Embaixador Jorge Torres Pereira: Eu tive a satisfação de constatar realmente uma nova dinâmica nas relações económicas bilaterais, sobretudo a partir do momento em que houve aqueles grandes investimentos. Primeiro os investimentos de empresas públicas chinesas no setor energético, e depois também dos grupos privados, nomeadamente no setores dos seguros e financeiro. A estes juntam-se investimentos que já havia de longa data, talvez de menor dimensão, mas de grande importância pela relação em termos tecnológicos, que foram as empresas do setor das telecomunicações. A verdade é que os investimentos são de tal maneira interessantes e corresponderam quase que ao início da primeira vaga de internacionalização de empresas chinesas que eu, às vezes, evidentemente que a brincar, digo que Portugal quase que é uma zona piloto do investimento chinês na Europa. Isto é, as empresas chinesas não sabiam bem, em relação à Europa, como era o quadro regulatório em que iam trabalhar, ou como se processavam as relações entre a administração e os outros atores do dia-a-dia da vida de uma empresa. Nós tínhamos algum know-how em gestão que creio que tem sido útil para os investidores chineses e, portanto, penso que agora, que cada vez há mais notícias de empresas chinesas a instalarem-se na Europa, também damos um contributo para esse processo. Processo que é um investimento um pouco diferente daquele que a China fazia, por exemplo, em África ou na América Latina. Este é um tipo de investimento diferente em que há, efetivamente, também aqui, uma aprendizagem mútua. Até porque os chineses compreenderam que o investimento em Portugal é também um veículo, uma plataforma, para aprofundar relações com empresas situadas noutras geografias, nomeadamente na geografia lusófona. Estou efetivamente muito otimista em relação ao desenvolvimento das relações quer de investimento quer comerciais.

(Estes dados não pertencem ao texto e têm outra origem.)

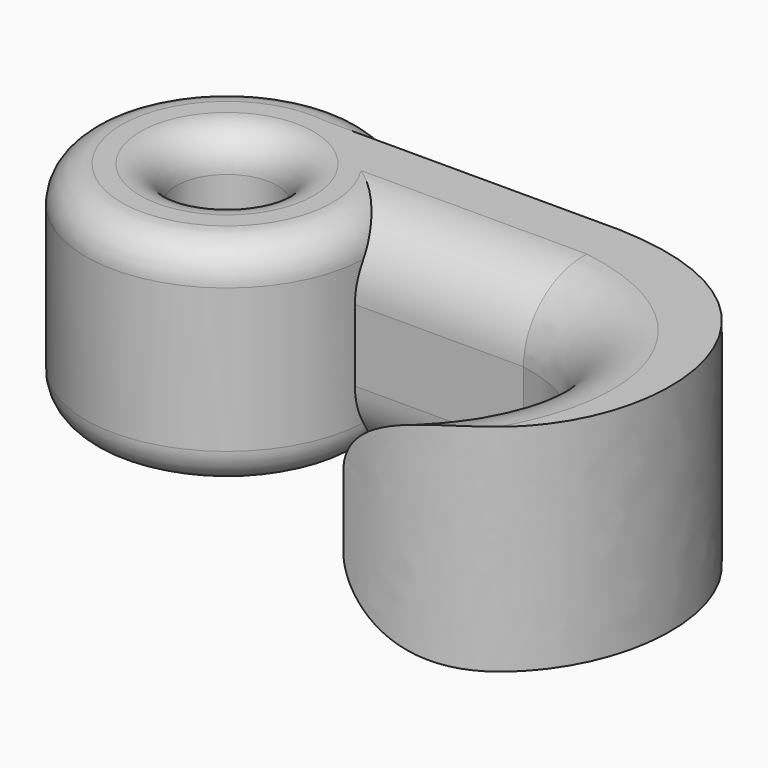
from build123d import *

# Parameters (mm, degrees)
F0_R     = 1.7947651686
F1_DEPTH = 7.62
F2_R     = 2.54
F3_R     = 1.269


# Not quite as in the source:
# - a fillet or chamfer is up to 0.001 mm smaller than in the source, because OpenCascade refuses the exact size


with BuildPart() as f1:
    # F0 (on Top) → F1 (new body)
    with BuildSketch(Plane.XY):
        with BuildLine():
            ThreePointArc((-3.0625740785, 3.6819641418), (-1.865183548, 2.011379827), (-1.4421620036, 0))
            ThreePointArc((-1.4421620036, 0), (-1.4498583422, -0.2771315824), (-1.4729236329, -0.5534088705))
            Line((-1.4729236329, -0.5534088705), (4.4801407494, -0.5534088705))
            Line((4.4801407494, -0.5534088705), (4.4801407494, 3.6819641418))
            Line((4.4801407494, 3.6819641418), (-3.0625740785, 3.6819641418))
        make_face()
        with BuildLine():
            add(Edge.make_bspline(
                [(4.4801407494, 3.6819641418), (14.6919268718, 3.3504103776), (12.7431834117, -10.4070426896), (4.4801407494, -8.5037574172)],
                knots=[0, 0, 0, 0, 12.185721559, 12.185721559, 12.185721559, 12.185721559], degree=3))
            Line((4.4801407494, 3.6819641418), (4.4801407494, -0.5534088705))
            add(Edge.make_bspline(
                [(4.4801407494, -0.5534088705), (9.772202, -1.5405191807), (7.8137687942, -7.3264148086), (4.4801407494, -8.5037574172)],
                knots=[0, 0, 0, 0, 7.9503485467, 7.9503485467, 7.9503485467, 7.9503485467], degree=3))
        make_face()
        with BuildLine():
            ThreePointArc((-1.4729236329, -0.5534088705), (-1.4498583422, -0.2771315824), (-1.4421620036, 0))
            ThreePointArc((-1.4421620036, 0), (-1.865183548, 2.011379827), (-3.0625740785, 3.6819641418))
            ThreePointArc((-3.0625740785, 3.6819641418), (-11.1104438204, -1.7546257881), (-1.4729236329, -0.5534088705))
        make_face()
        with Locations((-6.4355200157, 0)):
            Circle(F0_R, mode=Mode.SUBTRACT)
    extrude(amount=F1_DEPTH)

    # F2
    f2_edges = [f1.edges().sort_by_distance(p)[0] for p in [
        (1.503609, -0.553409, 7.62),
        (7.731849, -4.321745, 7.62),
        (1.503609, -0.553409, 0),
        (7.731849, -4.321745, 0),
    ]]
    fillet(f2_edges, radius=F2_R)

    # F3 (radius 1.27 in the source; OpenCascade refuses exactly that, so slightly less here)
    f3_edges = [f1.edges().sort_by_distance(p)[0] for p in [
        (-11.110444, -1.754626, 7.62),
        (-11.110444, -1.754626, 0),
        (-8.230285, 0, 0),
        (-8.230285, 0, 7.62),
    ]]
    fillet(f3_edges, radius=F3_R)


solid = f1.part

DPO: Macau sempre foi detida como uma plataforma por excelência do intercâmbio cultural e comercial entre a China e a lusofonia, nomeadamente com Portugal. Há algum plano para diversificar os canais de comunicação entre Portugal e a China no futuro?

Embaixador Jorge Torres Pereira: No plano cultural há um dado importante, que é o de ambas as partes estarem num processo de abrir centros culturais nas capitais dos dois países. É um projeto que creio que é importante e que responde parcialmente à pergunta. As autoridades chinesas vão abrir um centro cultural em Lisboa, e nós iremos abrir um centro cultural português em Pequim. E, portanto, eu acredito que isso vai servir também para rebalancear o que é, digamos, a oferta cultural portuguesa para audiências chinesas. É claro que em Macau as coisas são mais simples porque também há, digamos, uma audiência já predisposta para o consumo de produtos culturais portugueses… mas é evidente que a China é um grande país. Nós, Portugal, precisamos que haja mais conhecimento sobre o nosso país na China… é lógico que a cultura é um argumento muito importante, e terá que ser, efetivamente, divulgada ao nível das províncias e das diferentes regiões. Evidentemente que tudo será complementar e supletivo. Não podemos imaginar que o conhecimento cultural sobre Portugal possa ser apenas aquele que nós conseguimos gerar em Macau.

DPO: Gostávamos de reservar este espaço final para alguma consideração que entenda ser pertinente referir.

Embaixador Jorge Torres Pereira: Gostava de salientar a importância de estarmos a comemorar o dia 5 de maio, que resultou de uma decisão de uma cimeira da comunidade dos países de língua portuguesa. É um dia que é simultaneamente internacional da língua e da cultura dos países da CPLP. Gostava de, publicamente, congratular-me com a presença dos meus colegas dos países de língua portuguesa, e de ter também conseguido criar aqui uma espécie de momento caloroso de relação entre todos esses países.